Lo scoglio giustizia tra Pd e 5S

giustizia tribunale rosso

La Costituzione indica con chiarezza un principio di valore universale: la pena deve tendere alla rieducazione del condannato e va intesa non come forma di vendetta dello Stato nei confronti del singolo ma come perimetro nel quale ricostruire l’integrità morale e civile di chi ha sbagliato. È una pagina particolarmente alta della Carta, contenuta nell’articolo 27, e pone un cardine fondamentale allo Stato di diritto. Non dovrebbe esistere il “fine pena mai”. La possibilità di riscattarsi deve essere concessa a chiunque.

Come sia stato possibile che nel nostro Paese, culla del diritto nei secoli, sia accaduto un ribaltamento delle posizioni politiche in base alle quali la sinistra sia diventata in gran parte giustizialista e la destra, per converso, si manifesti garantista è un paradosso nel quale potranno meglio districarsi gli storici, ma nel contempo è un fenomeno che tocca anche noi. A livello internazionale, con rare eccezioni, la tutela dei diritti umani e civili è patrimonio ideale della sinistra e delle forze progressiste. Al contrario, le destre di varia collocazione spingono i temi che appartengono alla tradizione conservatrice: legge e ordine, anzitutto. E alla destra fanno riferimento le classi medio-alte ostili alla mobilità sociale, più inclini a mantenere lo status quo.

Nel secondo dopoguerra italiano il Pci di Togliatti non fu mai vicino al potere giudiziario, anche perché di norma la magistratura si era formata negli anni del fascismo e tendeva a premiare i ricchi a danno dei poveri. Che il giustizialismo fosse un tema di classe lo cantavano anche i grandi artisti come Fabrizio De Andrè (memorabile in tal senso il brano “Un giudice”, tratto dall’Antologia di Spoon River di Edgar Lee Masters). Solo negli anni Settanta, con la nascita della corrente “Magistratura democratica”, giudici e pm di sinistra si organizzarono e riuscirono ad acquisire un peso importante, tuttora di vasto rilievo nella competizione tra correnti (anche qui) che agita il potere giudiziario.

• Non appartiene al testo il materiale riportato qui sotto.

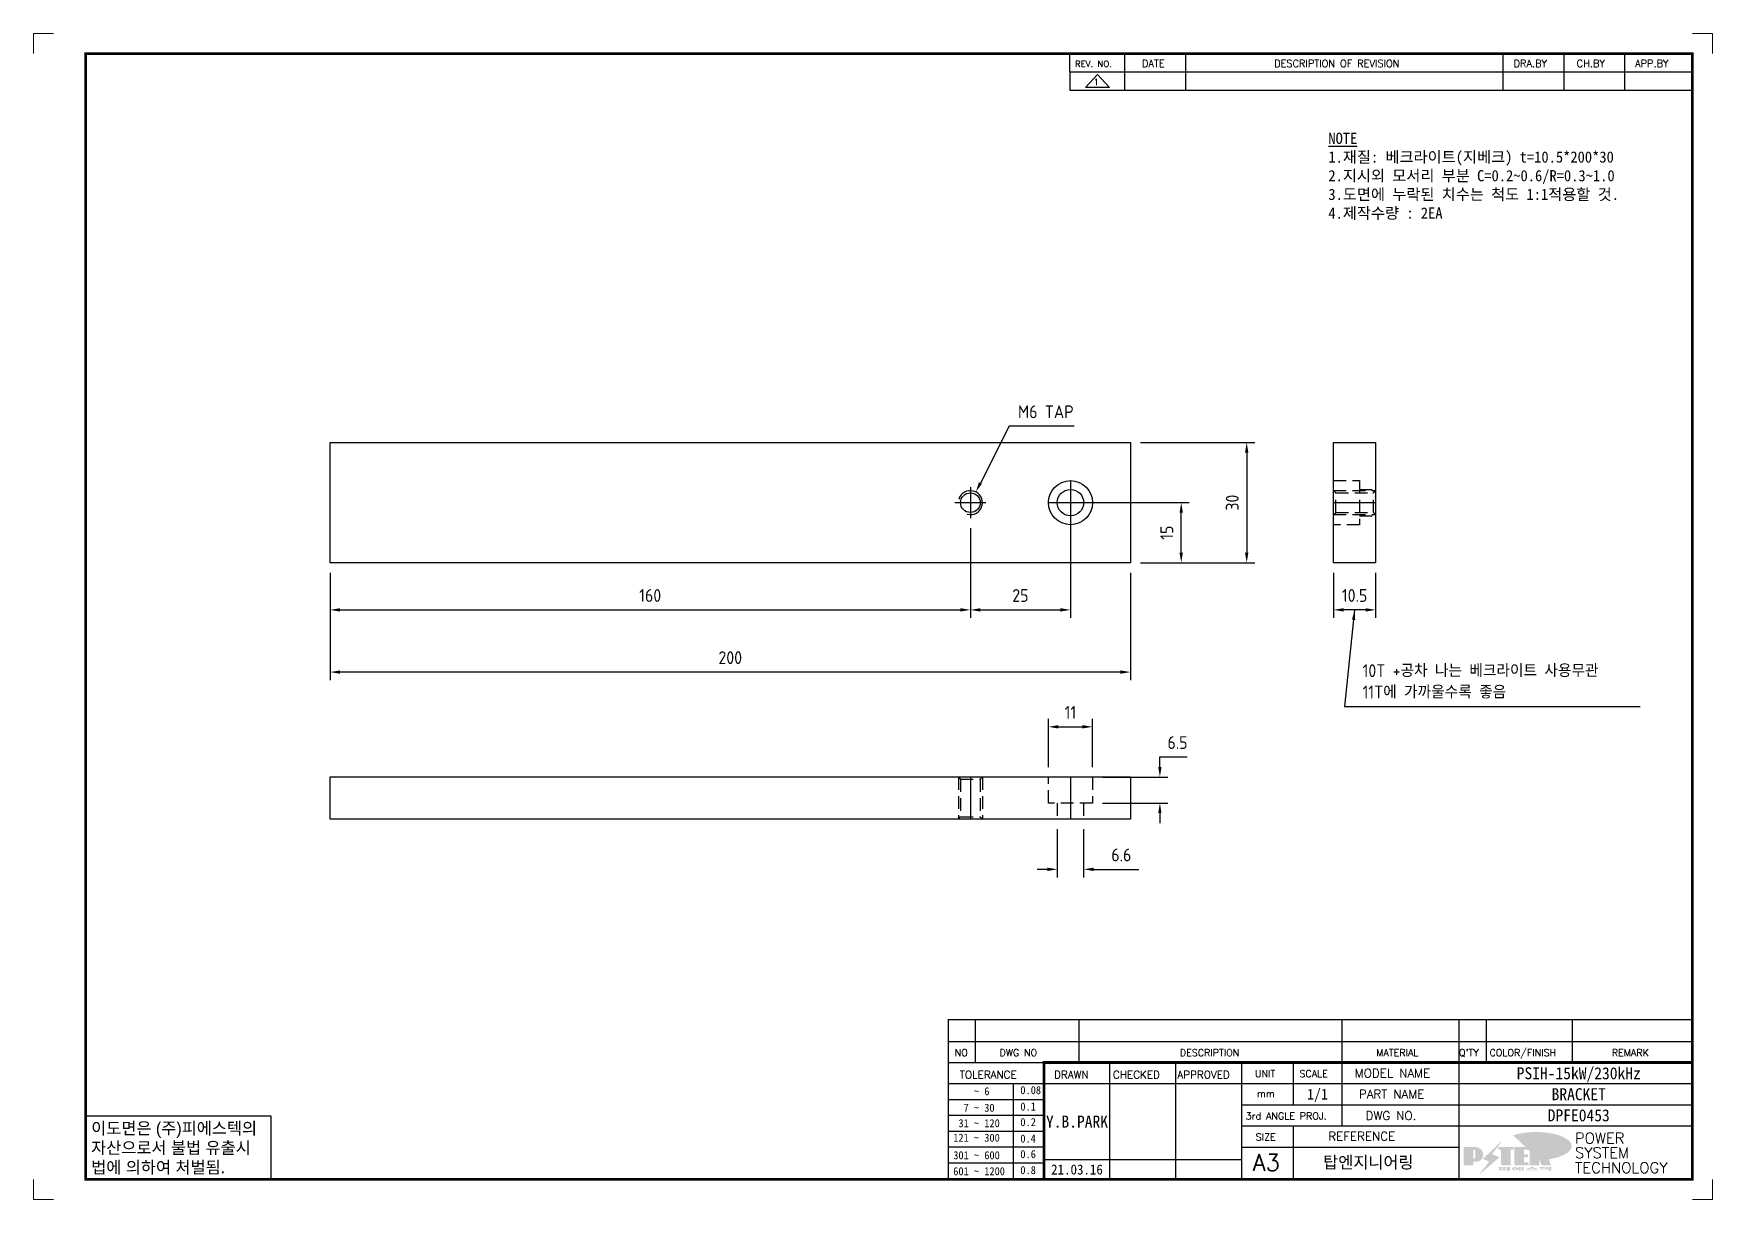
# Model space of a CAD drawing. Header units: millimetres. Extents: x -4251 to 2609, y -1673 to 4048.
# Drawn here: x -1127.3 to -707.8, y -1277.8 to -986.5 of the extents above; entities that cross this region are included whole.
import ezdxf
from ezdxf.enums import TextEntityAlignment as Align

# ---------------------------------------------------------------- set-up
doc = ezdxf.new("R2010")
doc.units = ezdxf.units.MM
doc.linetypes.add('CENTER', pattern=[50.8, 31.75, -6.35, 6.35, -6.35])
doc.linetypes.add('HIDDEN2', pattern=[4.7625, 3.175, -1.5875])
for name, color, linetype in [('CENTER', 1, 'CENTER'), ('FORMAT-1', 7, 'Continuous'), ('line', 3, 'Continuous'), ('THIN', 3, 'Continuous')]:
    doc.layers.add(name, color=color, linetype=linetype)
doc.styles.add('h1', font='')
doc.styles.add('HAN', font='')
doc.styles.add('RC', font='simplex.shx')
doc.styles.add('ROMANT', font='simplex.shx')
doc.styles.add('RT', font='simplex.shx', dxfattribs={"oblique": 15})
doc.styles.get("Standard").update_dxf_attribs({"font": 'ISOCP.SHX', "bigfont": 'WHGTXT.SHX'})
doc.styles.get('h1').set_extended_font_data('New Gulim')
doc.styles.get('HAN').set_extended_font_data('GulimChe')
doc.dimstyles.new('PS-1', dxfattribs={"dimtxt": 3.2, "dimasz": 2.5, "dimexe": 2, "dimexo": 2.5, "dimgap": 2, "dimtad": 1, "dimtoh": 1, "dimrnd": 0.05, "dimzin": 12, "dimdsep": 46, "dimtxsty": 'Standard', "dimcen": 0, "dimclrt": 2, "dimazin": 3, "dimtfac": 1, "dimtofl": 0, "dimtmove": 0, "dimatfit": 3, "dimfxl": 0, "dimtolj": 1, "dimtzin": 0, "dimarcsym": 0})

# ---------------------------------------------------------------- blocks, each defined once
blk = doc.blocks.new('A$C050D3838')
at = {"color": 2, "linetype": 'HIDDEN2'}
for p, q in [((-44, 0), (-44, -10.5)), ((-38, 0), (-38, -10.5)), ((-43.46, -0.54), (-43.46, -9.96)), ((-38.54, -0.54), (-38.54, -9.96)), ((-19.3, -6.5), (-19.3, -10.5)), ((-12.7, -6.5), (-12.7, -10.5))]:
    blk.add_line(p, q, dxfattribs=at)
at = {"color": 30}
blk.add_lwpolyline([(-201, 0), (-1, 0), (-1, -10.5), (-201, -10.5), (-201, 0)], dxfattribs=at)
at = {"color": 2, "linetype": 'HIDDEN2'}
for points in [[(-44, 0), (-43.46, -0.54), (-38.54, -0.54), (-38, 0)], [(-10.5, 0), (-10.5, -6.5), (-21.5, -6.5), (-21.5, 0)], [(-44, -10.5), (-43.46, -9.96), (-38.54, -9.96), (-38, -10.5)]]:
    blk.add_lwpolyline(points, dxfattribs=at)
at = {"layer": 'CENTER'}
for p, q in [((-41, 0), (-41, -10.5)), ((-16, 0), (-16, -10.5))]:
    blk.add_line(p, q, dxfattribs=at)
blk = doc.blocks.new('A$C248C143C')
at = {"color": 30}
blk.add_lwpolyline([(-1, 0), (-201, 0), (-201, 30), (-1, 30), (-1, 0)], dxfattribs=at)
blk.add_circle((-41, 15, 0), 2.46)
for radius in [5.5, 3.3]:
    blk.add_circle((-16, 15), radius, dxfattribs=at)
at = {"layer": 'CENTER'}
for p, q in [((-41, 18.85, 0), (-41, 11.15, 0)), ((-16, 20.5), (-16, 9.5)), ((-44.85, 15, 0), (-37.15, 15, 0)), ((-21.5, 15), (-10.5, 15))]:
    blk.add_line(p, q, dxfattribs=at)
at = {"layer": 'THIN'}
blk.add_arc((-41, 15, 0), 3, 255, 165, dxfattribs=at)
blk = doc.blocks.new('*D689')
at = {"color": 0, "linetype": 'ByBlock', "lineweight": -2}
for p, q in [((-893.24, -1110.02), (-893.24, -1132.46)), ((-1053.24, -1121.17), (-1053.24, -1132.46)), ((-1050.74, -1130.46), (-895.74, -1130.46))]:
    blk.add_line(p, q, dxfattribs=at)
at = {"color": 0}
for points in [[(-1050.74, -1130.04), (-1050.74, -1130.88), (-1053.24, -1130.46)], [(-895.74, -1130.04), (-895.74, -1130.88), (-893.24, -1130.46)]]:
    blk.add_solid(points, dxfattribs=at)
at = {"layer": 'DEFPOINTS', "color": 0}
for p in [(-893.24, -1107.52, 0), (-1053.24, -1118.67, 0), (-893.24, -1130.46)]:
    blk.add_point(p, dxfattribs=at)
at = {"color": 2, "insert": (-973.24, -1126.86), "char_height": 3.2, "attachment_point": 5}
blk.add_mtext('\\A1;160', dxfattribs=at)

Ma l’appartenenza politica può essere compatibile con l’attività di magistrato? Sarebbe interessante sentire in tal senso il parere degli italiani. I quali, non va dimenticato, votarono negli anni Ottanta per la responsabilità civile dei giudici quando sbagliano, salvo poi schierarsi in massa per la decapitazione dei partiti della Prima Repubblica per mano giudiziaria.

Penso a ciò che resta autenticamente “di sinistra” nel Pd e vi trovo contraddizioni inspiegabili. Come si può pensare di stabilire un’alleanza strategica con i Cinque Stelle di Conte e Grillo, interpreti del peggiore forcaiolismo tricolore, intestandosi al tempo stesso battaglie per i diritti civili più o meno urgenti?

Viene da chiedersi: perché il Pd non apre bocca sulla disastrosa situazione nelle carceri italiane? Un anno fa ci fu una strage nel carcere di Modena, finita nel dimenticatoio con i suoi morti, ragazzi immigrati messi dentro per qualche grammo di marijuana. Silenzio. E perché non si ricomincia a parlare di poveri disgraziati messi a servizio delle varie mafie gettati sulle strade a spacciare, il cui sogno di un futuro migliore termina con un andirivieni tra galera e presunta libertà?

Il Pd si è isolato dal tema-giustizia perché i suoi vertici, temo Letta compreso, non hanno la forza di affrontare l’argomento con gli alleati grillini. Come sempre, è questione di potere: di gruppi, di élite, di carriere individuali.

Esistono oggi in Italia culture politiche senza patria e senza rappresentanza. Prevale la delusione. Pochi hanno voglia di parlare di politica perché ci sono altre più urgenti priorità: non ammalarsi, curare i propri cari, cercare di sopravvivere economicamente. La fine della pandemia ci consegnerà un paese più diviso di prima, probabilmente più egoista, certo più sofferente. Penso che altre forme di organizzazioni politiche si manifesteranno. Ma non credo alle modificazioni genetiche tra forze incompatibili. Se, come sembra possibile, i grillini diventassero azionisti di maggioranza della sinistra italiana, significherebbe che la sinistra italiana è definitivamente sepolta.